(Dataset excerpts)
□ □ □ □ □ □ □

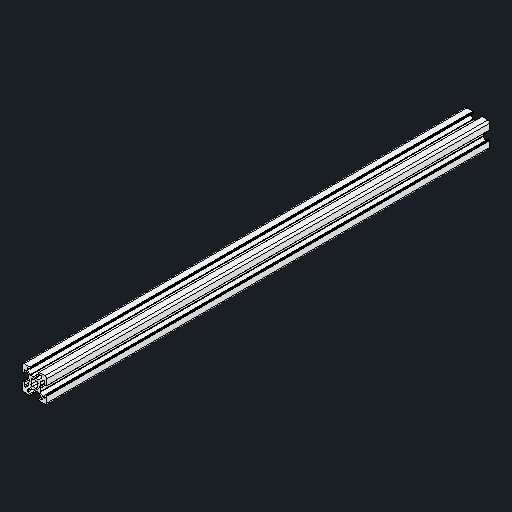
# Autodesk Inventor part: Al-profile-20x20-360
Saved by Autodesk Inventor 2026 (Build 300175050, 175E)
## iProperties
Created: 2020-02-13
Part Number: Al-profile-20x20-360
Material: Aluminum 6061
Document SubType Name: Modeling
Designer: kuzmin
Density: 2.7 g/cm^3
Appearance: Aluminum - Flat
Length: 360,000 mm
Author: kuzmin
Autodesk Inventor part; units mm, degrees
ref_plane "YZ Plane" through (0, 0, 0) normal (1, 0, 0) x (0, 1, 0)
ref_plane "XZ Plane" through (0, 0, 0) normal (0, 1, 0) x (-1, 0, 0)
ref_plane "XY Plane" through (0, 0, 0) normal (0, 0, 1) x (1, 0, 0)
sketch "Sketch2" plane through (0, 0, 0) normal (0, 0, 1) x (1, 0, 0)
  arc A0 (0.2, 0) -> (0, 0.2) centre (0, 0) ccw projected
  line L0 (0, 0.2) -> (-4.75, 0.2) projected
  arc A1 (-4.75, 0.2) -> (-6.25, -1.3) centre (-4.75, -1.3) ccw projected
  line L1 (-6.25, -1.3) -> (-6.25, -6.05) projected
  arc A2 (-6.25, -6.05) -> (-6.05, -6.25) centre (-6.05, -6.05) ccw projected
  line L2 (-6.05, -6.25) -> (-5.95, -6.25) projected
  arc A3 (-5.75, -6.45) -> (-5.95, -6.25) centre (-5.95, -6.45) ccw projected
  line L3 (-5.75, -6.45) -> (-5.75, -6.6) projected
  arc A4 (-5.75, -6.6) -> (-5.55, -6.8) centre (-5.55, -6.6) ccw projected
  line L4 (-5.55, -6.8) -> (-5.25, -6.8) projected
  arc A5 (-5.25, -6.8) -> (-4.75, -6.3) centre (-5.25, -6.3) ccw projected
  line L5 (-4.75, -6.3) -> (-4.75, -4.3) projected
  arc A6 (-4.25, -3.8) -> (-4.75, -4.3) centre (-4.25, -4.3) ccw projected
  line L6 (-4.25, -3.8) -> (-3.5178, -3.8) projected
  arc A7 (-3.1642, -3.9464) -> (-3.5178, -3.8) centre (-3.5178, -4.3) ccw projected
  line L7 (-3.1642, -3.9464) -> (-0.8964, -6.2142) projected
  arc A8 (-0.75, -6.5678) -> (-0.8964, -6.2142) centre (-1.25, -6.5678) ccw projected
  line L8 (-0.75, -6.5678) -> (-0.75, -8.8464) projected
  arc A9 (-0.75, -8.8464) -> (-0.7232, -8.9464) centre (-0.55, -8.8464) ccw projected
  line L9 (-0.7232, -8.9464) -> (-0.2881, -9.7) projected
  arc A10 (-0.2881, -9.9) -> (-0.2881, -9.7) centre (-0.4613, -9.8) ccw projected
  line L10 (-0.2881, -9.9) -> (-0.7232, -10.6536) projected
  arc A11 (-0.7232, -10.6536) -> (-0.75, -10.7536) centre (-0.55, -10.7536) ccw projected
  line L11 (-0.75, -10.7536) -> (-0.75, -13.0322) projected
  arc A12 (-0.8964, -13.3858) -> (-0.75, -13.0322) centre (-1.25, -13.0322) ccw projected
  line L12 (-0.8964, -13.3858) -> (-3.1642, -15.6536) projected
  arc A13 (-3.5178, -15.8) -> (-3.1642, -15.6536) centre (-3.5178, -15.3) ccw projected
  line L13 (-3.5178, -15.8) -> (-4.25, -15.8) projected
  arc A14 (-4.75, -15.3) -> (-4.25, -15.8) centre (-4.25, -15.3) ccw projected
  line L14 (-4.75, -15.3) -> (-4.75, -13.3) projected
  arc A15 (-4.75, -13.3) -> (-5.25, -12.8) centre (-5.25, -13.3) ccw projected
  line L15 (-5.25, -12.8) -> (-5.55, -12.8) projected
  arc A16 (-5.55, -12.8) -> (-5.75, -13) centre (-5.55, -13) ccw projected
  line L16 (-5.75, -13) -> (-5.75, -13.15) projected
  arc A17 (-5.95, -13.35) -> (-5.75, -13.15) centre (-5.95, -13.15) ccw projected
  line L17 (-5.95, -13.35) -> (-6.05, -13.35) projected
  arc A18 (-6.05, -13.35) -> (-6.25, -13.55) centre (-6.05, -13.55) ccw projected
  line L18 (-6.25, -13.55) -> (-6.25, -18.3) projected
  arc A19 (-6.25, -18.3) -> (-4.75, -19.8) centre (-4.75, -18.3) ccw projected
  line L19 (-4.75, -19.8) -> (0, -19.8) projected
  arc A20 (0, -19.8) -> (0.2, -19.6) centre (0, -19.6) ccw projected
  line L20 (0.2, -19.6) -> (0.2, -19.5) projected
  arc A21 (0.4, -19.3) -> (0.2, -19.5) centre (0.4, -19.5) ccw projected
  line L21 (0.4, -19.3) -> (0.55, -19.3) projected
  arc A22 (0.55, -19.3) -> (0.75, -19.1) centre (0.55, -19.1) ccw projected
  line L22 (0.75, -19.1) -> (0.75, -18.8) projected
  arc A23 (0.75, -18.8) -> (0.25, -18.3) centre (0.25, -18.8) ccw projected
  line L23 (0.25, -18.3) -> (-1.75, -18.3) projected
  arc A24 (-2.25, -17.8) -> (-1.75, -18.3) centre (-1.75, -17.8) ccw projected
  line L24 (-2.25, -17.8) -> (-2.25, -17.0678) projected
  arc A25 (-2.1036, -16.7142) -> (-2.25, -17.0678) centre (-1.75, -17.0678) ccw projected
  line L25 (-2.1036, -16.7142) -> (0.1642, -14.4464) projected
  arc A26 (0.5178, -14.3) -> (0.1642, -14.4464) centre (0.5178, -14.8) ccw projected
  line L26 (0.5178, -14.3) -> (2.7964, -14.3) projected
  arc A27 (2.7964, -14.3) -> (2.8964, -14.2732) centre (2.7964, -14.1) ccw projected
  line L27 (2.8964, -14.2732) -> (3.65, -13.8381) projected
  arc A28 (3.85, -13.8381) -> (3.65, -13.8381) centre (3.75, -14.0113) ccw projected
  line L28 (3.85, -13.8381) -> (4.6036, -14.2732) projected
  arc A29 (4.6036, -14.2732) -> (4.7036, -14.3) centre (4.7036, -14.1) ccw projected
  line L29 (4.7036, -14.3) -> (6.9822, -14.3) projected
  arc A30 (7.3358, -14.4464) -> (6.9822, -14.3) centre (6.9822, -14.8) ccw projected
  line L30 (7.3358, -14.4464) -> (9.6036, -16.7142) projected
  arc A31 (9.75, -17.0678) -> (9.6036, -16.7142) centre (9.25, -17.0678) ccw projected
  line L31 (9.75, -17.0678) -> (9.75, -17.8) projected
  arc A32 (9.25, -18.3) -> (9.75, -17.8) centre (9.25, -17.8) ccw projected
  line L32 (9.25, -18.3) -> (7.25, -18.3) projected
  arc A33 (7.25, -18.3) -> (6.75, -18.8) centre (7.25, -18.8) ccw projected
  line L33 (6.75, -18.8) -> (6.75, -19.1) projected
  arc A34 (6.75, -19.1) -> (6.95, -19.3) centre (6.95, -19.1) ccw projected
  line L34 (6.95, -19.3) -> (7.1, -19.3) projected
  arc A35 (7.3, -19.5) -> (7.1, -19.3) centre (7.1, -19.5) ccw projected
  line L35 (7.3, -19.5) -> (7.3, -19.6) projected
  arc A36 (7.3, -19.6) -> (7.5, -19.8) centre (7.5, -19.6) ccw projected
  line L36 (7.5, -19.8) -> (12.25, -19.8) projected
  arc A37 (12.25, -19.8) -> (13.75, -18.3) centre (12.25, -18.3) ccw projected
  line L37 (13.75, -18.3) -> (13.75, -13.55) projected
  arc A38 (13.75, -13.55) -> (13.55, -13.35) centre (13.55, -13.55) ccw projected
  line L38 (13.55, -13.35) -> (13.45, -13.35) projected
  arc A39 (13.25, -13.15) -> (13.45, -13.35) centre (13.45, -13.15) ccw projected
  line L39 (13.25, -13.15) -> (13.25, -13) projected
  arc A40 (13.25, -13) -> (13.05, -12.8) centre (13.05, -13) ccw projected
  line L40 (13.05, -12.8) -> (12.75, -12.8) projected
  arc A41 (12.75, -12.8) -> (12.25, -13.3) centre (12.75, -13.3) ccw projected
  line L41 (12.25, -13.3) -> (12.25, -15.3) projected
  arc A42 (11.75, -15.8) -> (12.25, -15.3) centre (11.75, -15.3) ccw projected
  line L42 (11.75, -15.8) -> (11.0178, -15.8) projected
  arc A43 (10.6642, -15.6536) -> (11.0178, -15.8) centre (11.0178, -15.3) ccw projected
  line L43 (10.6642, -15.6536) -> (8.3964, -13.3858) projected
  arc A44 (8.25, -13.0322) -> (8.3964, -13.3858) centre (8.75, -13.0322) ccw projected
  line L44 (8.25, -13.0322) -> (8.25, -10.7536) projected
  arc A45 (8.25, -10.7536) -> (8.2232, -10.6536) centre (8.05, -10.7536) ccw projected
  line L45 (8.2232, -10.6536) -> (7.7881, -9.9) projected
  arc A46 (7.7881, -9.7) -> (7.7881, -9.9) centre (7.9613, -9.8) ccw projected
  line L46 (7.7881, -9.7) -> (8.2232, -8.9464) projected
  arc A47 (8.2232, -8.9464) -> (8.25, -8.8464) centre (8.05, -8.8464) ccw projected
  line L47 (8.25, -8.8464) -> (8.25, -6.5678) projected
  arc A48 (8.3964, -6.2142) -> (8.25, -6.5678) centre (8.75, -6.5678) ccw projected
  line L48 (8.3964, -6.2142) -> (10.6642, -3.9464) projected
  arc A49 (11.0178, -3.8) -> (10.6642, -3.9464) centre (11.0178, -4.3) ccw projected
  line L49 (11.0178, -3.8) -> (11.75, -3.8) projected
  arc A50 (12.25, -4.3) -> (11.75, -3.8) centre (11.75, -4.3) ccw projected
  line L50 (12.25, -4.3) -> (12.25, -6.3) projected
  arc A51 (12.25, -6.3) -> (12.75, -6.8) centre (12.75, -6.3) ccw projected
  line L51 (12.75, -6.8) -> (13.05, -6.8) projected
  arc A52 (13.05, -6.8) -> (13.25, -6.6) centre (13.05, -6.6) ccw projected
  line L52 (13.25, -6.6) -> (13.25, -6.45) projected
  arc A53 (13.45, -6.25) -> (13.25, -6.45) centre (13.45, -6.45) ccw projected
  line L53 (13.45, -6.25) -> (13.55, -6.25) projected
  arc A54 (13.55, -6.25) -> (13.75, -6.05) centre (13.55, -6.05) ccw projected
  line L54 (13.75, -6.05) -> (13.75, -1.3) projected
  arc A55 (13.75, -1.3) -> (12.25, 0.2) centre (12.25, -1.3) ccw projected
  line L55 (12.25, 0.2) -> (7.5, 0.2) projected
  arc A56 (7.5, 0.2) -> (7.3, 0) centre (7.5, 0) ccw projected
  line L56 (7.3, 0) -> (7.3, -0.1) projected
  arc A57 (7.1, -0.3) -> (7.3, -0.1) centre (7.1, -0.1) ccw projected
  line L57 (7.1, -0.3) -> (6.95, -0.3) projected
  arc A58 (6.95, -0.3) -> (6.75, -0.5) centre (6.95, -0.5) ccw projected
  line L58 (6.75, -0.5) -> (6.75, -0.8) projected
  arc A59 (6.75, -0.8) -> (7.25, -1.3) centre (7.25, -0.8) ccw projected
  line L59 (7.25, -1.3) -> (9.25, -1.3) projected
  arc A60 (9.75, -1.8) -> (9.25, -1.3) centre (9.25, -1.8) ccw projected
  line L60 (9.75, -1.8) -> (9.75, -2.5322) projected
  arc A61 (9.6036, -2.8858) -> (9.75, -2.5322) centre (9.25, -2.5322) ccw projected
  line L61 (9.6036, -2.8858) -> (7.3358, -5.1536) projected
  arc A62 (6.9822, -5.3) -> (7.3358, -5.1536) centre (6.9822, -4.8) ccw projected
  line L62 (6.9822, -5.3) -> (4.7036, -5.3) projected
  arc A63 (4.7036, -5.3) -> (4.6036, -5.3268) centre (4.7036, -5.5) ccw projected
  line L63 (4.6036, -5.3268) -> (3.85, -5.7619) projected
  arc A64 (3.65, -5.7619) -> (3.85, -5.7619) centre (3.75, -5.5887) ccw projected
  line L64 (3.65, -5.7619) -> (2.8964, -5.3268) projected
  arc A65 (2.8964, -5.3268) -> (2.7964, -5.3) centre (2.7964, -5.5) ccw projected
  line L65 (2.7964, -5.3) -> (0.5178, -5.3) projected
  arc A66 (0.1642, -5.1536) -> (0.5178, -5.3) centre (0.5178, -4.8) ccw projected
  line L66 (0.1642, -5.1536) -> (-2.1036, -2.8858) projected
  arc A67 (-2.25, -2.5322) -> (-2.1036, -2.8858) centre (-1.75, -2.5322) ccw projected
  line L67 (-2.25, -2.5322) -> (-2.25, -1.8) projected
  arc A68 (-1.75, -1.3) -> (-2.25, -1.8) centre (-1.75, -1.8) ccw projected
  line L68 (-1.75, -1.3) -> (0.25, -1.3) projected
  arc A69 (0.25, -1.3) -> (0.75, -0.8) centre (0.25, -0.8) ccw projected
  line L69 (0.75, -0.8) -> (0.75, -0.5) projected
  arc A70 (0.75, -0.5) -> (0.55, -0.3) centre (0.55, -0.5) ccw projected
  line L70 (0.55, -0.3) -> (0.4, -0.3) projected
  arc A71 (0.2, -0.1) -> (0.4, -0.3) centre (0.4, -0.1) ccw projected
  line L71 (0.2, -0.1) -> (0.2, 0) projected
  line L72 (1.3047, -11.0582) -> (0.7578, -11.7099) projected
  arc A72 (1.3047, -8.5418) -> (1.3047, -11.0582) centre (3.75, -9.8) ccw projected
  line L73 (0.7578, -7.8901) -> (1.3047, -8.5418) projected
  arc A73 (1.8361, -6.8104) -> (0.7578, -7.8901) centre (3.75, -9.8) ccw projected
  line L74 (2.4918, -7.3547) -> (1.8361, -6.8104) projected
  arc A74 (5.0082, -7.3547) -> (2.4918, -7.3547) centre (3.75, -9.8) ccw projected
  line L75 (5.6639, -6.8104) -> (5.0082, -7.3547) projected
  arc A75 (6.7422, -7.8901) -> (5.6639, -6.8104) centre (3.75, -9.8) ccw projected
  line L76 (6.1953, -8.5418) -> (6.7422, -7.8901) projected
  arc A76 (6.1953, -11.0582) -> (6.1953, -8.5418) centre (3.75, -9.8) ccw projected
  line L77 (6.7422, -11.7099) -> (6.1953, -11.0582) projected
  arc A77 (5.6639, -12.7896) -> (6.7422, -11.7099) centre (3.75, -9.8) ccw projected
  line L78 (5.0082, -12.2453) -> (5.6639, -12.7896) projected
  arc A78 (2.4918, -12.2453) -> (5.0082, -12.2453) centre (3.75, -9.8) ccw projected
  line L79 (1.8361, -12.7896) -> (2.4918, -12.2453) projected
  arc A79 (0.7578, -11.7099) -> (1.8361, -12.7896) centre (3.75, -9.8) ccw projected
extrude "Extrusion2" add sketch "Sketch2" along normal mid plane 360
equation "\"d2\" = Length"
equation "\"Length\" = 360"
body "Solid2"

□ □ □ □ □ □ □

Go through the records and report each line that contains "Inventor".

## Task output
# Autodesk Inventor part: Al-profile-20x20-360
Saved by Autodesk Inventor 2026 (Build 300175050, 175E)
Autodesk Inventor part; units mm, degrees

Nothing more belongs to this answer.